About Busha
Since our inception in 2018, Busha has been at the forefront of digital currency exchange, offering trading options in cryptocurrencies like Bitcoin and Ethereum. Our mission is to build an open financial system characterized by innovation, efficiency, and user-friendliness. We value Clear Communication, Positive Energy, Efficient Execution, and Continuous Learning in all our team members.
Overview: We are seeking an experienced SRE to engineer the reliability of our Platform API. You will work closely with DevOps on infrastructure and observability, while partnering with backend engineers to build reliability into our services from the ground up. You will combine deep knowledge of distributed systems with hands-on Go coding skills to define SLOs, lead incident response, build automation, and embed resilience patterns directly into our codebase.
Responsibilities
- Act as Incident Commander during major severity incidents affecting payments, trading, or compliance systems: coordinate cross-functional response, provide clear status updates, and drive post-mortems.
- Design and implement observability strategies using Grafana, Sentry, and CloudWatch. Instrument Go services to expose high-cardinality metrics and distributed traces. Collaboratively define, measure, and defend Service Level Objectives (SLOs) and Error Budgets with product and engineering teams.
- Write production-ready code to build internal tooling, automation platforms, and self-healing mechanisms that eliminate manual operator intervention. Contribute reliability patterns (circuit breakers, retries, backpressure) directly to backend services.
- Partner with backend engineering teams during the design phase to ensure new services are built with reliability, scalability, and observability patterns from day one.
- Analyze system performance and traffic patterns to model future capacity needs. Conduct load testing and chaos engineering experiments to verify system resilience under failure conditions, particularly for financial transactions and compliance workflows
Must Have
- Minimum of 4 years of experience in SRE or Backend Engineering with good proficiency in Go. You can read, write, and review production Go code, not just deploy it.
- Deep understanding of distributed systems architecture and design patterns. Strong command of microservices fundamentals, event-driven architectures, and the underlying principles required to build systems that scale.

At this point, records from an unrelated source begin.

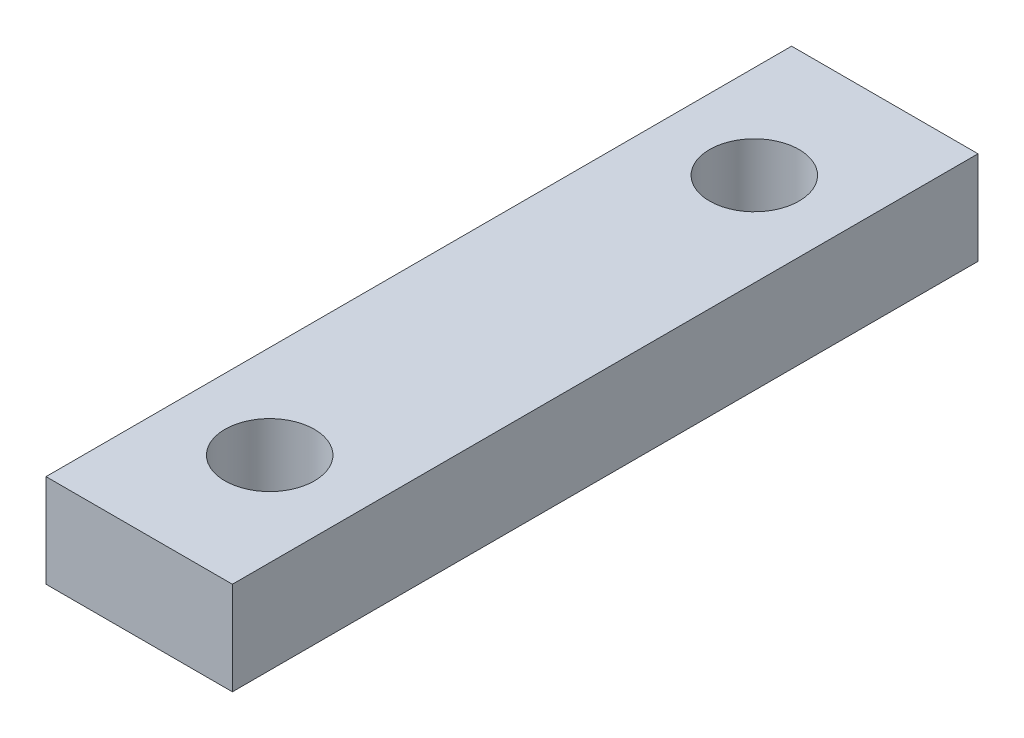
SolidWorks part; units mm, degrees
ref_plane "Front Plane" through (0, 0, 0) normal (0, 0, 1) x (1, 0, 0)
ref_plane "Top Plane" through (0, 0, 0) normal (0, 1, 0) x (1, 0, 0)
ref_plane "Right Plane" through (0, 0, 0) normal (1, 0, 0) x (0, 0, -1)
sketch "Sketch1" plane through (0, 0, 0) normal (0, 1, 0) x (1, 0, 0)
  line L0 (0, 36.6327) -> (0, -30.7143) construction
  line L1 (-42.9915, 0.0475) -> (37.6208, 0.0475) construction
  line L2 (-5, 20.0475) -> (5, 20.0475)
  line L3 (5, 20.0475) -> (5, -19.9525)
  line L4 (5, -19.9525) -> (-5, -19.9525)
  line L5 (-5, 20.0475) -> (-5, -19.9525)
  circle A0 centre (0, 13.0475) radius 2.4
  circle A1 centre (0, -12.9525) radius 2.4
  point P10 (0, -19.9525)
  point P11 (0, 20.0475)
  dimension "D3" = 4.8
  dimension "D1" = 40
  dimension "D2" = 10
  dimension "D4" = 26
extrude "Boss-Extrude1" add sketch "Sketch1" along normal blind 5
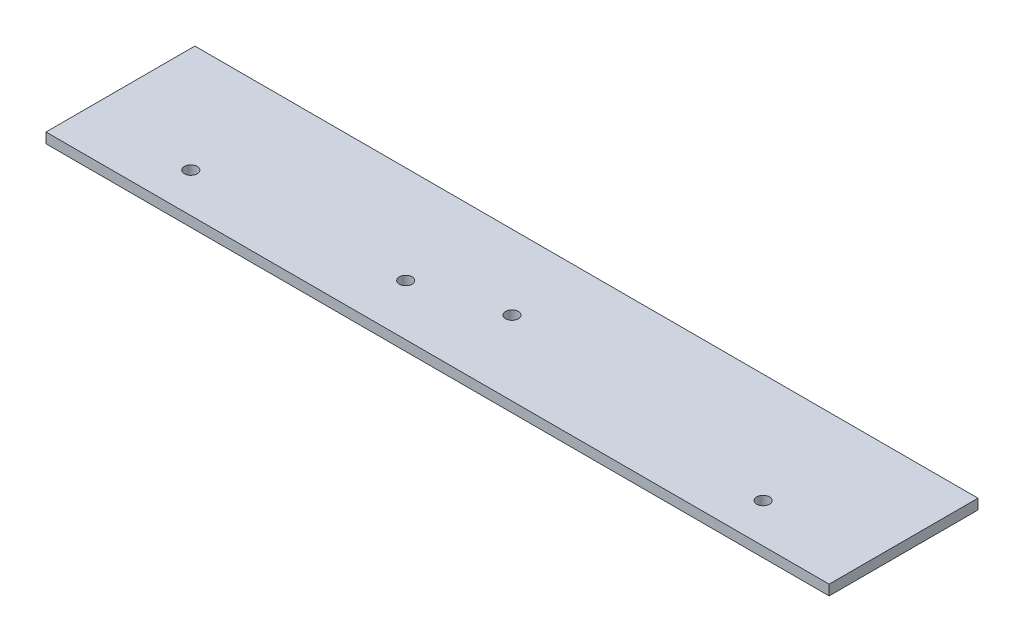
SolidWorks part; units mm, degrees
ref_plane "Front Plane" through (0, 0, 0) normal (0, 0, 1) x (1, 0, 0)
ref_plane "Top Plane" through (0, 0, 0) normal (0, 1, 0) x (1, 0, 0)
ref_plane "Right Plane" through (0, 0, 0) normal (1, 0, 0) x (0, 0, -1)
sketch "Sketch1" plane through (0, 0, 0) normal (0, 1, 0) x (1, 0, 0)
  line L0 (-71, -8.695) -> (71, -8.695) construction
  line L2 (-97.1504, -18.4656) -> (97.1504, -18.4656)
  line L3 (-97.1504, -18.4656) -> (-97.1504, 18.4656)
  line L4 (-97.1504, 18.4656) -> (97.1504, 18.4656)
  line L5 (97.1504, -18.4656) -> (97.1504, 18.4656)
  line L6 (-97.1504, -18.4656) -> (97.1504, 18.4656) construction
  line L7 (-97.1504, 18.4656) -> (97.1504, -18.4656) construction
  circle A0 centre (-71, -8.695) radius 1.5875
  circle A1 centre (71, -8.695) radius 1.5875
  circle A2 centre (0, 0) radius 1.5875
  circle A3 centre (-20.62, -5.75) radius 1.5875
  point P6 (0, 0)
  dimension "D2" = 3.175
  dimension "D1" = 142
  dimension "D3" = 20.62
  dimension "D4" = 5.75
  dimension "D5" = 8.695
extrude "Boss-Extrude1" add sketch "Sketch1" along normal mid plane 2.54
sketch "Sketch2" plane through (0, -1.27, 0) normal (0, -1, 0) x (-1, 0, 0)
  line L0 (20.62, -5.75) -> (26.2458, -5.75) construction
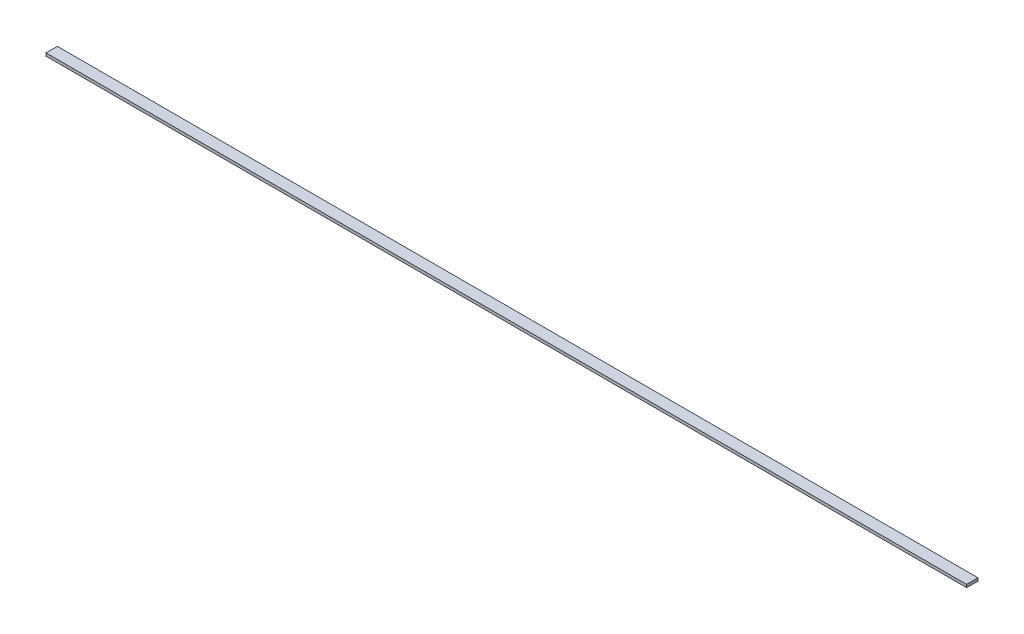
SolidWorks part; units mm, degrees
ref_plane "Alzado" through (0, 0, 0) normal (0, 0, 1) x (1, 0, 0)
ref_plane "Planta" through (0, 0, 0) normal (0, 1, 0) x (1, 0, 0)
ref_plane "Vista lateral" through (0, 0, 0) normal (1, 0, 0) x (0, 0, -1)
sketch "Croquis1" plane through (0, 0, 0) normal (0, 1, 0) x (1, 0, 0)
  line L1 (0, 0) -> (485, 0)
  line L2 (0, 0) -> (0, -6)
  line L3 (0, -6) -> (485, -6)
  line L4 (485, 0) -> (485, -6)
  dimension "D1" = 6
  dimension "D2" = 485
extrude "Saliente-Extruir1" add sketch "Croquis1" along normal blind 1.5
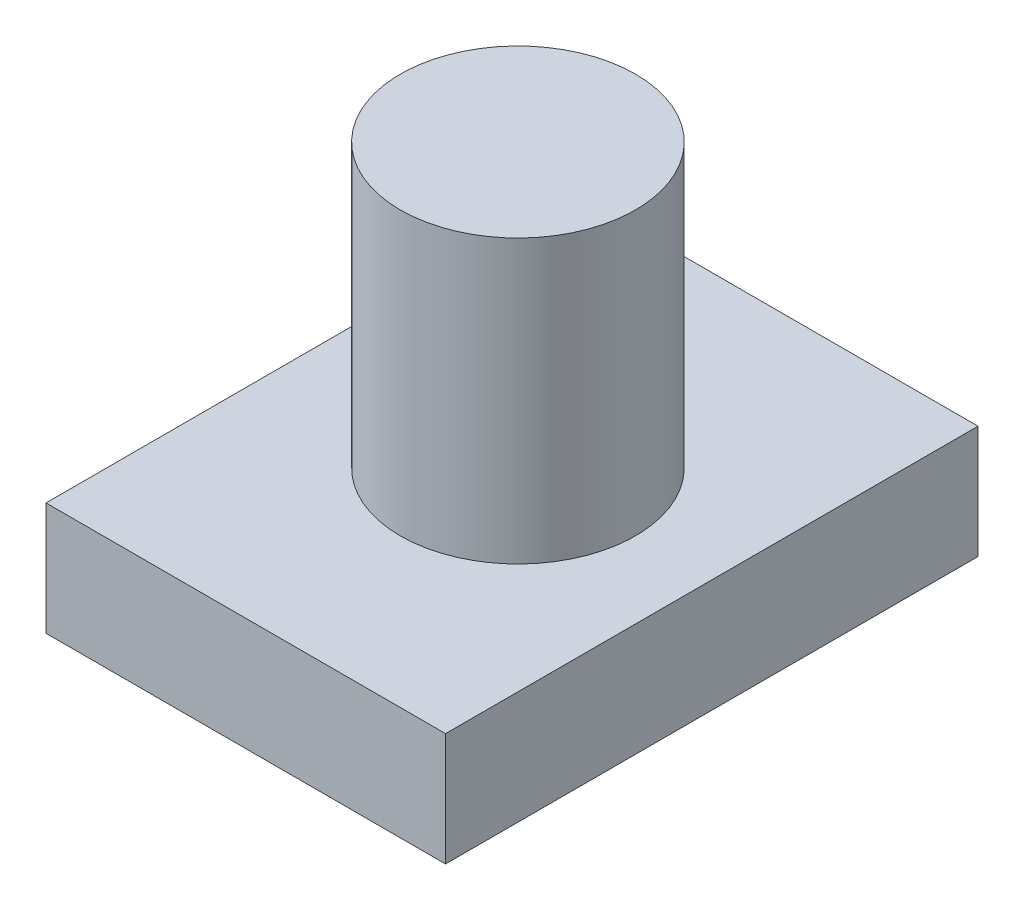
SolidWorks part; units mm, degrees
ref_plane "Спереди" through (0, 0, 0) normal (0, 0, 1) x (1, 0, 0)
ref_plane "Сверху" through (0, 0, 0) normal (0, 1, 0) x (1, 0, 0)
ref_plane "Справа" through (0, 0, 0) normal (1, 0, 0) x (0, 0, -1)
sketch "Эскиз1" plane through (0, 0, 0) normal (0, 1, 0) x (1, 0, 0)
  circle A0 centre (0, 0) radius 12.5
extrude "Вытянуть1" add sketch "Эскиз1" along normal blind 30
sketch "Эскиз2" plane through (0, 0, 0) normal (0, -1, 0) x (1, 0, 0)
  line L1 (-21.8583, -28.2931) -> (20.6034, -28.2931)
  line L2 (-21.8583, -28.2931) -> (-21.8583, 28.2931)
  line L3 (-21.8583, 28.2931) -> (20.6034, 28.2931)
  line L4 (20.6034, -28.2931) -> (20.6034, 28.2931)
  line L5 (-21.8583, -28.2931) -> (20.6034, 28.2931) construction
  line L6 (-21.8583, 28.2931) -> (20.6034, -28.2931) construction
extrude "Вытянуть2" add sketch "Эскиз2" along normal blind 12

- Hands-on experience with AWS (ECS, RDS, CloudWatch, Lambda) or GCP, and infrastructure as code. Proficiency in running production workloads and troubleshooting infrastructure issues.
- Experience designing and implementing observability strategies using Prometheus, Grafana, OpenTelemetry, or similar tools. Ability to instrument code for proper monitoring and alerting
- Familiarity with operating and tuning production data stores (PostgreSQL, ClickHouse) and streaming platforms (RabbitMQ, Kafka) in high-throughput environments.
Nice to Have
- Fintech bonus: Understanding of financial systems reliability requirements, payment processing resilience patterns, or experience with compliance/regulatory
- Go bonus: Proficiency in Go is a significant advantage. Our backend services are written in Go, and the ability to read, write, and contribute reliability patterns directly to production Go code will enable deeper collaboration with engineering teams and faster impact on system resilience.
What We Offer
- Progressive hybrid work policy.
- Competitive salary.
- Learning and development plan.
- Health insurance & pension.
- Work tools and gadget that works for you.